**Work to complete**
Only the lines holding the word "blind" are wanted; copy each of them from the listing.

**Data excerpts**
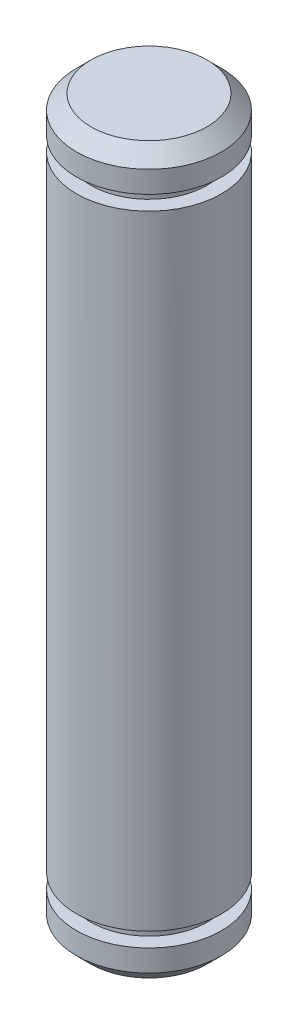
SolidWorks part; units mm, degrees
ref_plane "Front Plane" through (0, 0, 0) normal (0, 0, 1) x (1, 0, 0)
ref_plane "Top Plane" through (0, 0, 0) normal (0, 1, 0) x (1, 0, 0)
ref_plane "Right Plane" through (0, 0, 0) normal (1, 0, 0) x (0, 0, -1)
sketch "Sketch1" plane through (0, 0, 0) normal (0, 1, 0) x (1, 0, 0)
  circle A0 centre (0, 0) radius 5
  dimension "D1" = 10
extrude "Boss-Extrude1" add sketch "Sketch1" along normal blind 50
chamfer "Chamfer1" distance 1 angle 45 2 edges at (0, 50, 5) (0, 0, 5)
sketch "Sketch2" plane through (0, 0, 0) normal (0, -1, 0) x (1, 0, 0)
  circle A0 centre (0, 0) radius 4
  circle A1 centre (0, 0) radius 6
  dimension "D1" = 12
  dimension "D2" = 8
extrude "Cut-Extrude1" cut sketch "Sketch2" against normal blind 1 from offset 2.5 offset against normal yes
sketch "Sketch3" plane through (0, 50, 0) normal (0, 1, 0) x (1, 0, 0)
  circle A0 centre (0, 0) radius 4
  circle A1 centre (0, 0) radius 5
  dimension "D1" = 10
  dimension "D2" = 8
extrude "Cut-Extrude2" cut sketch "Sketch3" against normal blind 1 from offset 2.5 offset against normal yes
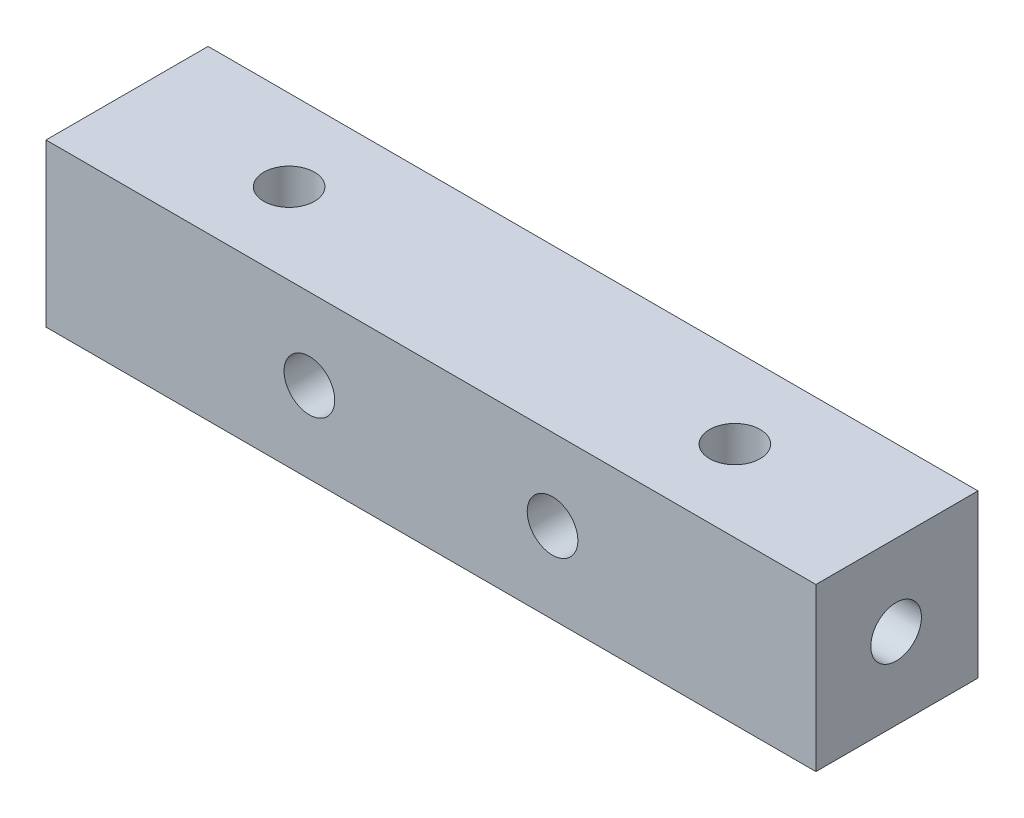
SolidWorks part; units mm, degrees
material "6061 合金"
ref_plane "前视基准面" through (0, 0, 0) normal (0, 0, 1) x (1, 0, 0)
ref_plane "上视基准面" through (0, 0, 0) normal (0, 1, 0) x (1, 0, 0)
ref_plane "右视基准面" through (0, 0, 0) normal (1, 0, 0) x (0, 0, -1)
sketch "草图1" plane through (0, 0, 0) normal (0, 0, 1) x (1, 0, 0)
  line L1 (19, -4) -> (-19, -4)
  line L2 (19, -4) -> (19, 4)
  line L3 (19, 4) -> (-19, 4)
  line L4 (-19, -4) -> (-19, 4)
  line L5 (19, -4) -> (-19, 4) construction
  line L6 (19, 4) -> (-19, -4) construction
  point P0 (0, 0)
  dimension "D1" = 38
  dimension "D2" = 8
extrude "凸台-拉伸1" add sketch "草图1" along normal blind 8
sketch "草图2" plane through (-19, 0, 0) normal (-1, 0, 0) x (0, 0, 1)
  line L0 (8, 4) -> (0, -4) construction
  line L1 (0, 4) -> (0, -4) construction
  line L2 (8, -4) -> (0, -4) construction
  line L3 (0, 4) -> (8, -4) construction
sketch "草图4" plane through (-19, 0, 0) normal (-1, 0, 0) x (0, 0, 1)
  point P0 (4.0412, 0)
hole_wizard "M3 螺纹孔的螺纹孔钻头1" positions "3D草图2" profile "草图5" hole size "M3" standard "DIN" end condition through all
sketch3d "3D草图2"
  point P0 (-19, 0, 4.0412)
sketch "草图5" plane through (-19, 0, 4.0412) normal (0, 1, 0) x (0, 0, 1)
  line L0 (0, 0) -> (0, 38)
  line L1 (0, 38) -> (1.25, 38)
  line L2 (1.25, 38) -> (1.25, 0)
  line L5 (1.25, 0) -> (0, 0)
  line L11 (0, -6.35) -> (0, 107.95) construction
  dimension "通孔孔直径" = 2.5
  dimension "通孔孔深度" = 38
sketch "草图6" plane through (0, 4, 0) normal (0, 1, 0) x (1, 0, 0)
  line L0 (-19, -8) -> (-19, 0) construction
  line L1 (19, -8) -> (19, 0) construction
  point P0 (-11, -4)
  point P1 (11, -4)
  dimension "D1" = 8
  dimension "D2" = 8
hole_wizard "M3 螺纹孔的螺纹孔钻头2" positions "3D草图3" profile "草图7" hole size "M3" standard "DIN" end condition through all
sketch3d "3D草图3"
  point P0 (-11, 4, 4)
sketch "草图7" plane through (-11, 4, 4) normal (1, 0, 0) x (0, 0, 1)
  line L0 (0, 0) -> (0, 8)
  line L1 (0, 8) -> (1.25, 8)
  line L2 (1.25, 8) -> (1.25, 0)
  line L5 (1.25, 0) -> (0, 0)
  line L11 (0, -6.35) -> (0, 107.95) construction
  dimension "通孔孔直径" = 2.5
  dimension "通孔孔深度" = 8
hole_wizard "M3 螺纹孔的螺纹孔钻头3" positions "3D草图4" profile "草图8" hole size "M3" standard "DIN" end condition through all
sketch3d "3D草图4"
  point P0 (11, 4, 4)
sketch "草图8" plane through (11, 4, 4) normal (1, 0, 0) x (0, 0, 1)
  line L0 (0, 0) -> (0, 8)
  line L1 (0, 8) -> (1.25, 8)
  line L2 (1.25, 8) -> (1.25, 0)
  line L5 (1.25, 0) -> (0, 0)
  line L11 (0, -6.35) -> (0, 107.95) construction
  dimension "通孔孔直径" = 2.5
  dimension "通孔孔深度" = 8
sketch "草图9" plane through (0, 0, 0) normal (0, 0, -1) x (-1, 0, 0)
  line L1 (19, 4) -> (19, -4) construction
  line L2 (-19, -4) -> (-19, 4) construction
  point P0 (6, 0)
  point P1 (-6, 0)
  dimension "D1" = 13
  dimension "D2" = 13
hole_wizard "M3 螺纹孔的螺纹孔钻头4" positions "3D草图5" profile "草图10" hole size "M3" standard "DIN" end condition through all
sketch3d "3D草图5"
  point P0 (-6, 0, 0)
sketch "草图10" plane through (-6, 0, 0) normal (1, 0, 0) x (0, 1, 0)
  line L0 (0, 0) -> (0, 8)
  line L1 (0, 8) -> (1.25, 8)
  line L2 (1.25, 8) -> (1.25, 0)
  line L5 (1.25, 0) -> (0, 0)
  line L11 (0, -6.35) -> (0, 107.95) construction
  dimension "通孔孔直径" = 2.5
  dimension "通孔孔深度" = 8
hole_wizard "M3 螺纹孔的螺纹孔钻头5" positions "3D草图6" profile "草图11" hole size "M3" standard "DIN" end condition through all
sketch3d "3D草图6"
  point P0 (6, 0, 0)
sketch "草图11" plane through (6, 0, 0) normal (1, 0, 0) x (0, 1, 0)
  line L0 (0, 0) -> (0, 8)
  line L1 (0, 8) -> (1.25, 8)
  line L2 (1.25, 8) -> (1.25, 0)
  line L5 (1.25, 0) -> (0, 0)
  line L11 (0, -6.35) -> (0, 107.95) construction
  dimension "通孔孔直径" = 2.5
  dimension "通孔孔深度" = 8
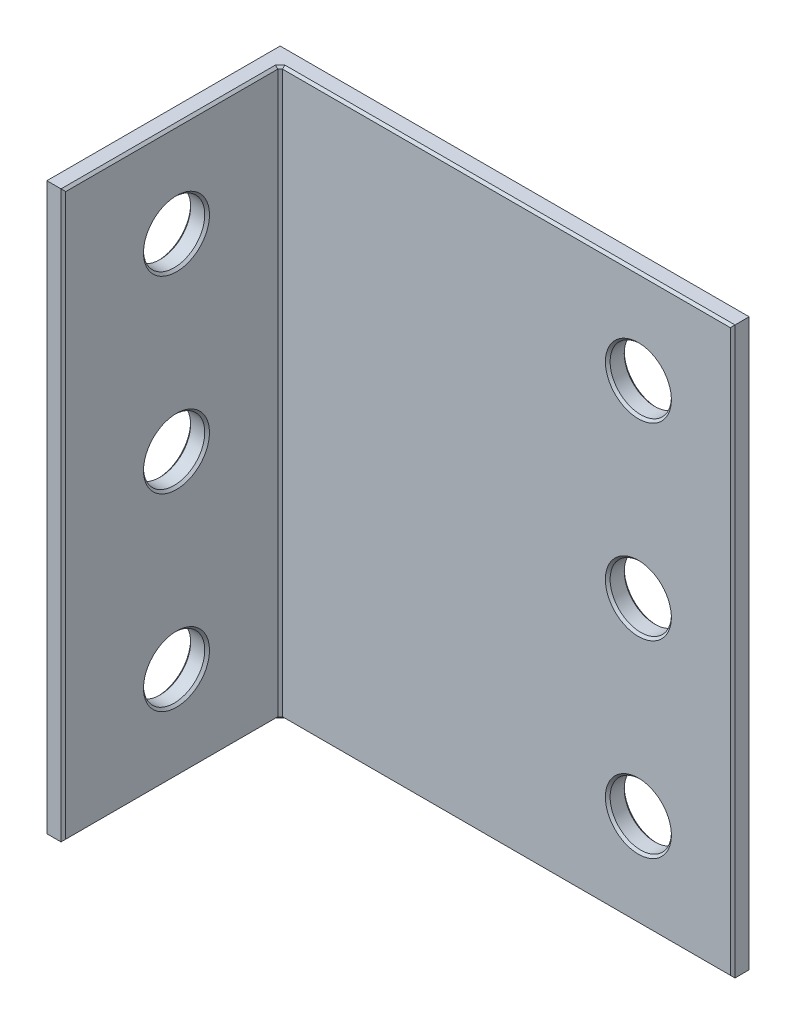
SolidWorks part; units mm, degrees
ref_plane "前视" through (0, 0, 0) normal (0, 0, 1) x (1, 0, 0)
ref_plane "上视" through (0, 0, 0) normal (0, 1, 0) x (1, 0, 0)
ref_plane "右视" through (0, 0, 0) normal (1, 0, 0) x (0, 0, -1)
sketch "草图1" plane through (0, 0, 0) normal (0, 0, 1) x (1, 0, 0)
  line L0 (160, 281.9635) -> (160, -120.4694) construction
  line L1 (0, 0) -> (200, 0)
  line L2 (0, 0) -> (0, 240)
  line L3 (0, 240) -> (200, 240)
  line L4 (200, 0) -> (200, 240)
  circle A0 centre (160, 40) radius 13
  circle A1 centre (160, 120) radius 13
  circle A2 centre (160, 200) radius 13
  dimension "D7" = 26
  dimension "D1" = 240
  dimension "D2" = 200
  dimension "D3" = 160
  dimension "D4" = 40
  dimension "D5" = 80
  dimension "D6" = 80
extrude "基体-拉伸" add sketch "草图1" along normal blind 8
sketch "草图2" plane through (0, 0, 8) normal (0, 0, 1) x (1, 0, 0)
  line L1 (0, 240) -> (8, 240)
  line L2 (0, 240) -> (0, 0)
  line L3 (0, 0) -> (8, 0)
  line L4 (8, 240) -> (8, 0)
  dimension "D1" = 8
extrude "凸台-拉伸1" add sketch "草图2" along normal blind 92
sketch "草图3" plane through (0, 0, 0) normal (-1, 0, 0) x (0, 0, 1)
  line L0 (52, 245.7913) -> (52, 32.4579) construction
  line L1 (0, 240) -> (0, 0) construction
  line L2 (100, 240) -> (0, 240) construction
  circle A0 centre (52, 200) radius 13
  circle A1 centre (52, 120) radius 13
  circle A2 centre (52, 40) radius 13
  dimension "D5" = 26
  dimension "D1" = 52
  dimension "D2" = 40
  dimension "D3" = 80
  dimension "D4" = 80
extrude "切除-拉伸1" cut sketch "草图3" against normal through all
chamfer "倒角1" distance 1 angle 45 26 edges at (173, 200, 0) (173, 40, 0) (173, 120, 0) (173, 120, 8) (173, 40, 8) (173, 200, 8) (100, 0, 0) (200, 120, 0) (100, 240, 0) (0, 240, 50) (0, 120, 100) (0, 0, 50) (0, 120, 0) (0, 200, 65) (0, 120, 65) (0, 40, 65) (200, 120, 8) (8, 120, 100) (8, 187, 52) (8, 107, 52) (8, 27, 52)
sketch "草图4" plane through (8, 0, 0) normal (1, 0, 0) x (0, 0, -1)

**Task response**
extrude "Boss-Extrude1" add sketch "Sketch1" along normal blind 50
extrude "Cut-Extrude1" cut sketch "Sketch2" against normal blind 1 from offset 2.5 offset against normal yes
extrude "Cut-Extrude2" cut sketch "Sketch3" against normal blind 1 from offset 2.5 offset against normal yes
extrude "凸台-拉伸1" add sketch "草图1" along normal blind 8
extrude "基体-拉伸" add sketch "草图1" along normal blind 8
extrude "凸台-拉伸1" add sketch "草图2" along normal blind 92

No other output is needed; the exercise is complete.